▶ About this exercise
The expected output is a verbatim reprint of the lines from the beginning of the data that follows through the line that contains "settings DebuggingCC: ParameterTunabilityLossMsg=error".

══════════

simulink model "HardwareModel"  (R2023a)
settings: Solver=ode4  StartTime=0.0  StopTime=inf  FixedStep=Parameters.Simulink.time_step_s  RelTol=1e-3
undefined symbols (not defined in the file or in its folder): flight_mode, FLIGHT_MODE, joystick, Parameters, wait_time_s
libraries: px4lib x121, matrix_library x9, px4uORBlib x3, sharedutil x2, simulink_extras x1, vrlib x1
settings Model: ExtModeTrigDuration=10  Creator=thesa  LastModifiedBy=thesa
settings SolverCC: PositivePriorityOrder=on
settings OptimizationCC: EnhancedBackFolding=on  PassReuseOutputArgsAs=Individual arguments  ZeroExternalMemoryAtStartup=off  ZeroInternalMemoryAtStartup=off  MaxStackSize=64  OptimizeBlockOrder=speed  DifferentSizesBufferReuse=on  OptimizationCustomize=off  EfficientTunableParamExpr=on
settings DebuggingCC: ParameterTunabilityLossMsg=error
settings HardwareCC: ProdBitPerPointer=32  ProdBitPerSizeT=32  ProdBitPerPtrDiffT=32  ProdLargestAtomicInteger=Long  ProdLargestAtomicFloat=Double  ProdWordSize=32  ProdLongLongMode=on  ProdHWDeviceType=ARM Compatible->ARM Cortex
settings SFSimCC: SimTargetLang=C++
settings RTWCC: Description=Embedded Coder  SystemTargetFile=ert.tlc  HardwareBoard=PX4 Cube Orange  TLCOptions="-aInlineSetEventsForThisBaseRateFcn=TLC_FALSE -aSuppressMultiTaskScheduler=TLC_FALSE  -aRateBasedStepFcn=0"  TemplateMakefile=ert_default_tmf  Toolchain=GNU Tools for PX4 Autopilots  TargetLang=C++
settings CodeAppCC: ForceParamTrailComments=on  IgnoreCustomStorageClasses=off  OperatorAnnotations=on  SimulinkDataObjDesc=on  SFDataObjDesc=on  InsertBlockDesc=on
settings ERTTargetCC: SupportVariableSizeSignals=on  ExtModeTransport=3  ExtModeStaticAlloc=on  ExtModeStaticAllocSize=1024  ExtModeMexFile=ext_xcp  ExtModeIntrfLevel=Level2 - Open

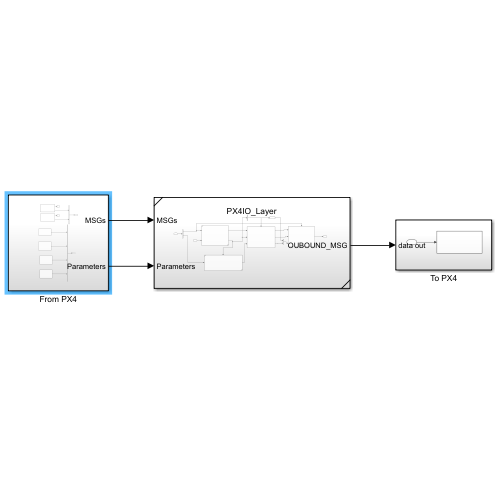
[thumbnail: Simulink's stored preview of the top-level diagram]
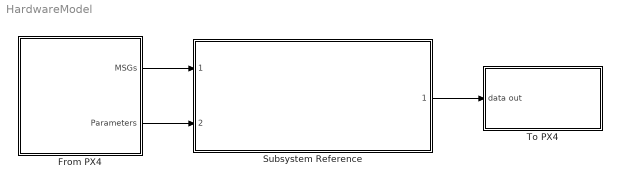
== system HardwareModel ==
  From PX4 : Subsystem
  Subsystem Reference : Subsystem  ReferencedSubsystem=PX4IO_Layer
  To PX4 : Subsystem
  wires:
  From PX4/1(MSGs) -> Subsystem Reference/1
  Subsystem Reference/1 -> To PX4/1(data out)
  From PX4/2(Parameters) -> Subsystem Reference/2

== system HardwareModel/From PX4 ==
  Bus Creator : BusCreator  Inputs=4
  Bus Creator1 : BusCreator  Inputs=2
  PX4 uORB Read : px4uORBlib/PX4 uORB Read  uORBTopic=debug_array  selectInstance=simulink_inbound  SampleTime=-1  BlockingMode=off  BlockTimeout=1e-3
  PX4 uORB Read1 : px4uORBlib/PX4 uORB Read  uORBTopic=debug_array  selectInstance=simulink_guidance  SampleTime=-1  BlockingMode=off  BlockTimeout=1e-3
  Subsystem1 : Subsystem
  Subsystem2 : Subsystem
  Subsystem3 : Subsystem
  Subsystem5 : Subsystem
  Terminator : Terminator
  Terminator1 : Terminator
  MSGs : Outport
  Parameters : Outport  Port=2
  wires:
  PX4 uORB Read/1 -> Terminator/1
  PX4 uORB Read/2 -> Bus Creator1/1  "INBOUND_MSG"
  Subsystem2/1(Control Gains) -> Bus Creator/2  "Control Gains"
  Subsystem3/1(Vehicle Parameters) -> Bus Creator/1  "Vehicle Parameters"
  Subsystem5/1(Pilot Input) -> Bus Creator/4  "Pilot Input"
  Bus Creator1/1 -> MSGs/1
  PX4 uORB Read1/1 -> Terminator1/1
  PX4 uORB Read1/2 -> Bus Creator1/2  "GUIDANCE_MSG"
  Subsystem1/1(Control Logic) -> Bus Creator/3  "Control Logic"
  Bus Creator/1 -> Parameters/1

== system HardwareModel/To PX4 ==
  data out : Inport
  PX4 uORB Write1 : px4uORBlib/PX4 uORB Write  uORBTopic=debug_array  selectInstance=simulink_outbound  MessageQueueLen=1
  wires:
  data out/1 -> PX4 uORB Write1/1

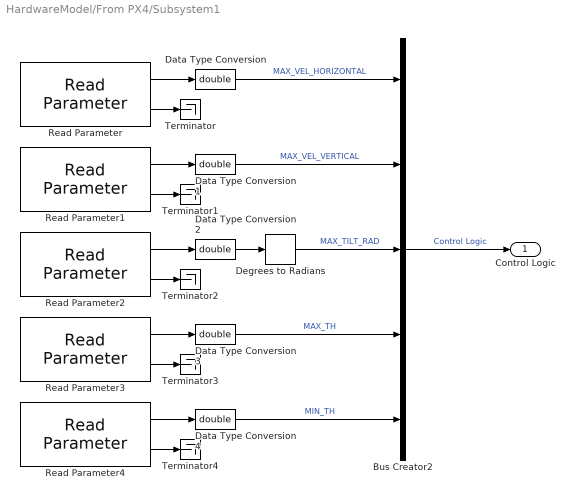
== system HardwareModel/From PX4/Subsystem1 ==
  Bus Creator2 : BusCreator  Inputs=5
  Data Type Conversion{,1..4} (5 alike) : DataTypeConversion  OutDataTypeStr=double  SaturateOnIntegerOverflow=off  RndMeth=Floor
  Degrees to Radians : simulink_extras/Transformations/Degrees to Radians
  Read Parameter : px4lib/Read Parameter  ParameterName=SM_MAX_VEL_HOR  DataType=FLOAT  SampleTime=-1
  Read Parameter1 : px4lib/Read Parameter  ParameterName=SM_MAX_VEL_VER  DataType=FLOAT  SampleTime=-1
  Read Parameter2 : px4lib/Read Parameter  ParameterName=SM_MAX_TILT  DataType=FLOAT  SampleTime=-1
  Read Parameter3 : px4lib/Read Parameter  ParameterName=SM_MAX_TH  DataType=FLOAT  SampleTime=-1
  Read Parameter4 : px4lib/Read Parameter  ParameterName=SM_MIN_TH  DataType=FLOAT  SampleTime=-1
  Terminator{,1..4} (5 alike) : Terminator
  Control Logic : Outport
  wires:
  Read Parameter4/1 -> Data Type Conversion4/1
  Read Parameter3/1 -> Data Type Conversion3/1
  Read Parameter1/1 -> Data Type Conversion1/1
  Bus Creator2/1 -> Control Logic/1  "Control Logic"
  Read Parameter/1 -> Data Type Conversion/1
  Read Parameter2/1 -> Data Type Conversion2/1
  Degrees to Radians/1 -> Bus Creator2/3  "MAX_TILT_RAD"
  Read Parameter/2 -> Terminator/1
  Read Parameter1/2 -> Terminator1/1
  Read Parameter3/2 -> Terminator3/1
  Read Parameter2/2 -> Terminator2/1
  Read Parameter4/2 -> Terminator4/1
  Data Type Conversion/1 -> Bus Creator2/1  "MAX_VEL_HORIZONTAL"
  Data Type Conversion1/1 -> Bus Creator2/2  "MAX_VEL_VERTICAL"
  Data Type Conversion2/1 -> Degrees to Radians/1
  Data Type Conversion3/1 -> Bus Creator2/4  "MAX_TH"
  Data Type Conversion4/1 -> Bus Creator2/5  "MIN_TH"

== system HardwareModel/From PX4/Subsystem2 ==
  " K-matrix control (LQR, H-inf, etc.)" : Subsystem
  Bus Creator2 : BusCreator  Inputs=9
  Subsystem : Subsystem
  Subsystem1 : Subsystem
  Subsystem2 : Subsystem
  Subsystem3 : Subsystem
  Subsystem4 : Subsystem
  Subsystem5 : Subsystem
  Subsystem6 : Subsystem
  Subsystem7 : Subsystem
  Control Gains : Outport
  wires:
  Subsystem2/1(VEL_P) -> Bus Creator2/3  "K_vel"
  Subsystem/1(POS_P) -> Bus Creator2/1  "K_pos"
  Subsystem5/1(RATE_P) -> Bus Creator2/6  "K_omega"
  Bus Creator2/1 -> Control Gains/1  "Control Gains"
  Subsystem1/1(POS_I) -> Bus Creator2/2  "K_pos_int"
  Subsystem3/1(ACC_P) -> Bus Creator2/4  "K_acc"
  Subsystem4/1(ATT_P) -> Bus Creator2/5  "K_att"
  " K-matrix control (LQR, H-inf, etc.)"/1(K_matrix_control) -> Bus Creator2/9  "K_matrix_control"
  Subsystem6/1(RATE_I) -> Bus Creator2/7  "K_omega_I"
  Subsystem7/1(RATE_D) -> Bus Creator2/8  "K_omega_dot"

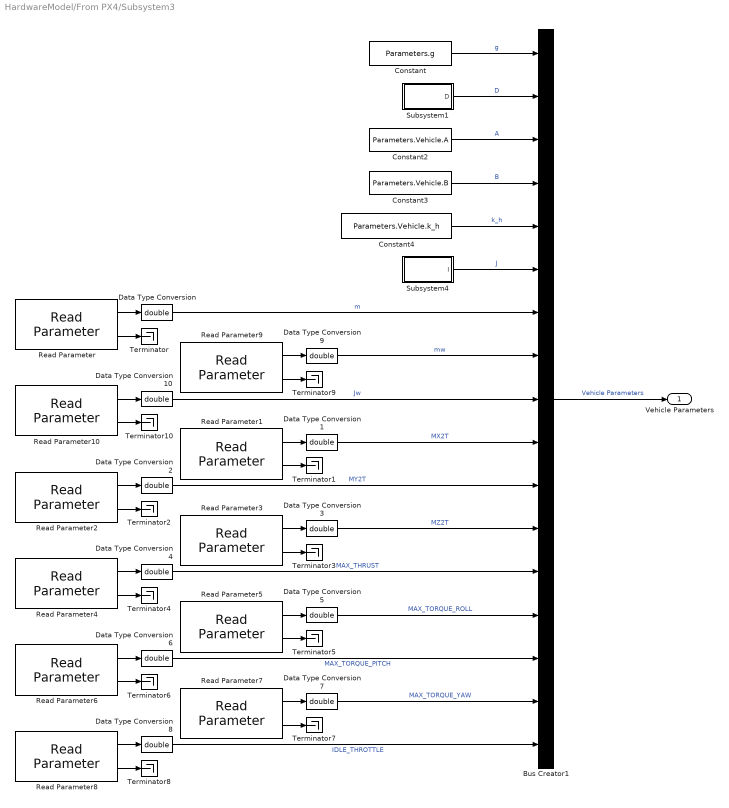
== system HardwareModel/From PX4/Subsystem3 ==
  Bus Creator1 : BusCreator  Inputs=17
  Constant : Constant  Value=Parameters.g
  Constant2 : Constant  Value=Parameters.Vehicle.A
  Constant3 : Constant  Value=Parameters.Vehicle.B
  Constant4 : Constant  Value=Parameters.Vehicle.k_h
  Data Type Conversion{,1..10} (11 alike) : DataTypeConversion  OutDataTypeStr=double  SaturateOnIntegerOverflow=off  RndMeth=Floor
  Read Parameter : px4lib/Read Parameter  ParameterName=SM_MASS  DataType=FLOAT  SampleTime=-1
  Read Parameter1 : px4lib/Read Parameter  ParameterName=SM_MX2T  DataType=FLOAT  SampleTime=-1
  Read Parameter10 : px4lib/Read Parameter  ParameterName=SM_I_ROTOR  DataType=FLOAT  SampleTime=-1
  Read Parameter2 : px4lib/Read Parameter  ParameterName=SM_MY2T  DataType=FLOAT  SampleTime=-1
  Read Parameter3 : px4lib/Read Parameter  ParameterName=SM_MZ2T  DataType=FLOAT  SampleTime=-1
  Read Parameter4 : px4lib/Read Parameter  ParameterName=SM_MAX_THRUST  DataType=FLOAT  SampleTime=-1
  Read Parameter5 : px4lib/Read Parameter  ParameterName=SM_MAX_MROLL  DataType=FLOAT  SampleTime=-1
  Read Parameter6 : px4lib/Read Parameter  ParameterName=SM_MAX_MPITCH  DataType=FLOAT  SampleTime=-1
  Read Parameter7 : px4lib/Read Parameter  ParameterName=SM_MAX_MYAW  DataType=FLOAT  SampleTime=-1
  Read Parameter8 : px4lib/Read Parameter  ParameterName=SM_IDLE_TH  DataType=FLOAT  SampleTime=-1
  Read Parameter9 : px4lib/Read Parameter  ParameterName=SM_MASS_ROTOR  DataType=FLOAT  SampleTime=-1
  Subsystem1 : Subsystem
  Subsystem4 : Subsystem
  Terminator{,1..10} (11 alike) : Terminator
  Vehicle Parameters : Outport
  wires:
  Subsystem4/1(I) -> Bus Creator1/6  "J"
  Constant3/1 -> Bus Creator1/4  "B"
  Constant/1 -> Bus Creator1/1  "g"
  Subsystem1/1(D) -> Bus Creator1/2  "D"
  Constant2/1 -> Bus Creator1/3  "A"
  Constant4/1 -> Bus Creator1/5  "k_h"
  Bus Creator1/1 -> Vehicle Parameters/1  "Vehicle Parameters"
  Data Type Conversion/1 -> Bus Creator1/7  "m"
  Data Type Conversion9/1 -> Bus Creator1/8  "mw"
  Data Type Conversion10/1 -> Bus Creator1/9  "Jw"
  Data Type Conversion1/1 -> Bus Creator1/10  "MX2T"
  Data Type Conversion2/1 -> Bus Creator1/11  "MY2T"
  Data Type Conversion3/1 -> Bus Creator1/12  "MZ2T"
  Data Type Conversion4/1 -> Bus Creator1/13  "MAX_THRUST"
  Data Type Conversion5/1 -> Bus Creator1/14  "MAX_TORQUE_ROLL"
  Data Type Conversion6/1 -> Bus Creator1/15  "MAX_TORQUE_PITCH"
  Data Type Conversion7/1 -> Bus Creator1/16  "MAX_TORQUE_YAW"
  Data Type Conversion8/1 -> Bus Creator1/17  "IDLE_THROTTLE"
  Read Parameter/2 -> Terminator/1
  Read Parameter/1 -> Data Type Conversion/1
  Read Parameter1/2 -> Terminator1/1
  Read Parameter1/1 -> Data Type Conversion1/1
  Read Parameter2/2 -> Terminator2/1
  Read Parameter2/1 -> Data Type Conversion2/1
  Read Parameter3/2 -> Terminator3/1
  Read Parameter3/1 -> Data Type Conversion3/1
  Read Parameter4/2 -> Terminator4/1
  Read Parameter4/1 -> Data Type Conversion4/1
  Read Parameter5/2 -> Terminator5/1
  Read Parameter5/1 -> Data Type Conversion5/1
  Read Parameter6/2 -> Terminator6/1
  Read Parameter6/1 -> Data Type Conversion6/1
  Read Parameter7/1 -> Data Type Conversion7/1
  Read Parameter7/2 -> Terminator7/1
  Read Parameter8/1 -> Data Type Conversion8/1
  Read Parameter8/2 -> Terminator8/1
  Read Parameter9/1 -> Data Type Conversion9/1
  Read Parameter9/2 -> Terminator9/1
  Read Parameter10/1 -> Data Type Conversion10/1
  Read Parameter10/2 -> Terminator10/1

== system HardwareModel/From PX4/Subsystem5 ==
  Bus Creator4 : BusCreator  Inputs=4
  Subsystem : Subsystem
  Subsystem1 : Subsystem
  Pilot Input : Outport
  wires:
  Subsystem/1(sticks) -> Bus Creator4/1  "Sticks"
  Bus Creator4/1 -> Pilot Input/1  "Pilot Input"
  Subsystem1/1(Parameters) -> Bus Creator4/4  "Parameters"
  Subsystem/2(FLIGHT_MODE) -> Bus Creator4/2  "FLIGHT_MODE"
  Subsystem/3(ARMED) -> Bus Creator4/3  "ARMED"

== system HardwareModel/From PX4/Subsystem2/ K-matrix control (LQR, H-inf, etc.) ==
  Bus Creator : BusCreator  Inputs=3
  Data Type Conversion9 : DataTypeConversion  OutDataTypeStr=boolean  SaturateOnIntegerOverflow=off  RndMeth=Floor
  Read Parameter9 : px4lib/Read Parameter  ParameterName=SM_EN_K_CONROL  DataType=INT32  SampleTime=-1
  Subsystem5 : Subsystem
  Subsystem6 : Subsystem
  Terminator9 : Terminator
  K_matrix_control : Outport
  wires:
  Bus Creator/1 -> K_matrix_control/1  "K_matrix_control"
  Subsystem6/1(K_matrix) -> Bus Creator/2  "K"
  Data Type Conversion9/1 -> Bus Creator/1  "EN"
  Subsystem5/1(K_pos_int) -> Bus Creator/3  "K_pos_int"
  Read Parameter9/2 -> Terminator9/1
  Read Parameter9/1 -> Data Type Conversion9/1

== system HardwareModel/From PX4/Subsystem2/Subsystem ==
  Create Diagonal Matrix : matrix_library/Create Diagonal Matrix
      settings: LibrarySourceBlock=|
      | simulink/Matrix
      | Operations/Create Diagonal
      | Matrix
  Data Type Conversion : DataTypeConversion  OutDataTypeStr=double  SaturateOnIntegerOverflow=off  RndMeth=Floor
  Mux : Mux  Inputs=3
  Read Parameter : px4lib/Read Parameter  ParameterName=SM_POS_P1  DataType=FLOAT  SampleTime=-1
  Read Parameter1 : px4lib/Read Parameter  ParameterName=SM_POS_P2  DataType=FLOAT  SampleTime=-1
  Read Parameter2 : px4lib/Read Parameter  ParameterName=SM_POS_P3  DataType=FLOAT  SampleTime=-1
  Terminator : Terminator
  Terminator1 : Terminator
  Terminator2 : Terminator
  POS_P : Outport
  wires:
  Read Parameter2/1 -> Mux/3
  Data Type Conversion/1 -> Create Diagonal Matrix/1
  Read Parameter2/2 -> Terminator2/1
  Read Parameter1/2 -> Terminator1/1
  Read Parameter/2 -> Terminator/1
  Read Parameter1/1 -> Mux/2
  Mux/1 -> Data Type Conversion/1
  Read Parameter/1 -> Mux/1
  Create Diagonal Matrix/1 -> POS_P/1

== system HardwareModel/From PX4/Subsystem2/Subsystem1 ==
  Create Diagonal Matrix : matrix_library/Create Diagonal Matrix
      settings: LibrarySourceBlock=|
      | simulink/Matrix
      | Operations/Create Diagonal
      | Matrix
  Data Type Conversion : DataTypeConversion  OutDataTypeStr=double  SaturateOnIntegerOverflow=off  RndMeth=Floor
  Mux : Mux  Inputs=3
  Read Parameter : px4lib/Read Parameter  ParameterName=SM_POS_I1  DataType=FLOAT  SampleTime=-1
  Read Parameter1 : px4lib/Read Parameter  ParameterName=SM_POS_I2  DataType=FLOAT  SampleTime=-1
  Read Parameter2 : px4lib/Read Parameter  ParameterName=SM_POS_I3  DataType=FLOAT  SampleTime=-1
  Terminator : Terminator
  Terminator1 : Terminator
  Terminator2 : Terminator
  POS_I : Outport
  wires:
  Read Parameter2/1 -> Mux/3
  Data Type Conversion/1 -> Create Diagonal Matrix/1
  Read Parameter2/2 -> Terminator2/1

══════════

▶ Result of this task
simulink model "HardwareModel"  (R2023a)
settings: Solver=ode4  StartTime=0.0  StopTime=inf  FixedStep=Parameters.Simulink.time_step_s  RelTol=1e-3
undefined symbols (not defined in the file or in its folder): flight_mode, FLIGHT_MODE, joystick, Parameters, wait_time_s
libraries: px4lib x121, matrix_library x9, px4uORBlib x3, sharedutil x2, simulink_extras x1, vrlib x1
settings Model: ExtModeTrigDuration=10  Creator=thesa  LastModifiedBy=thesa
settings SolverCC: PositivePriorityOrder=on
settings OptimizationCC: EnhancedBackFolding=on  PassReuseOutputArgsAs=Individual arguments  ZeroExternalMemoryAtStartup=off  ZeroInternalMemoryAtStartup=off  MaxStackSize=64  OptimizeBlockOrder=speed  DifferentSizesBufferReuse=on  OptimizationCustomize=off  EfficientTunableParamExpr=on
settings DebuggingCC: ParameterTunabilityLossMsg=error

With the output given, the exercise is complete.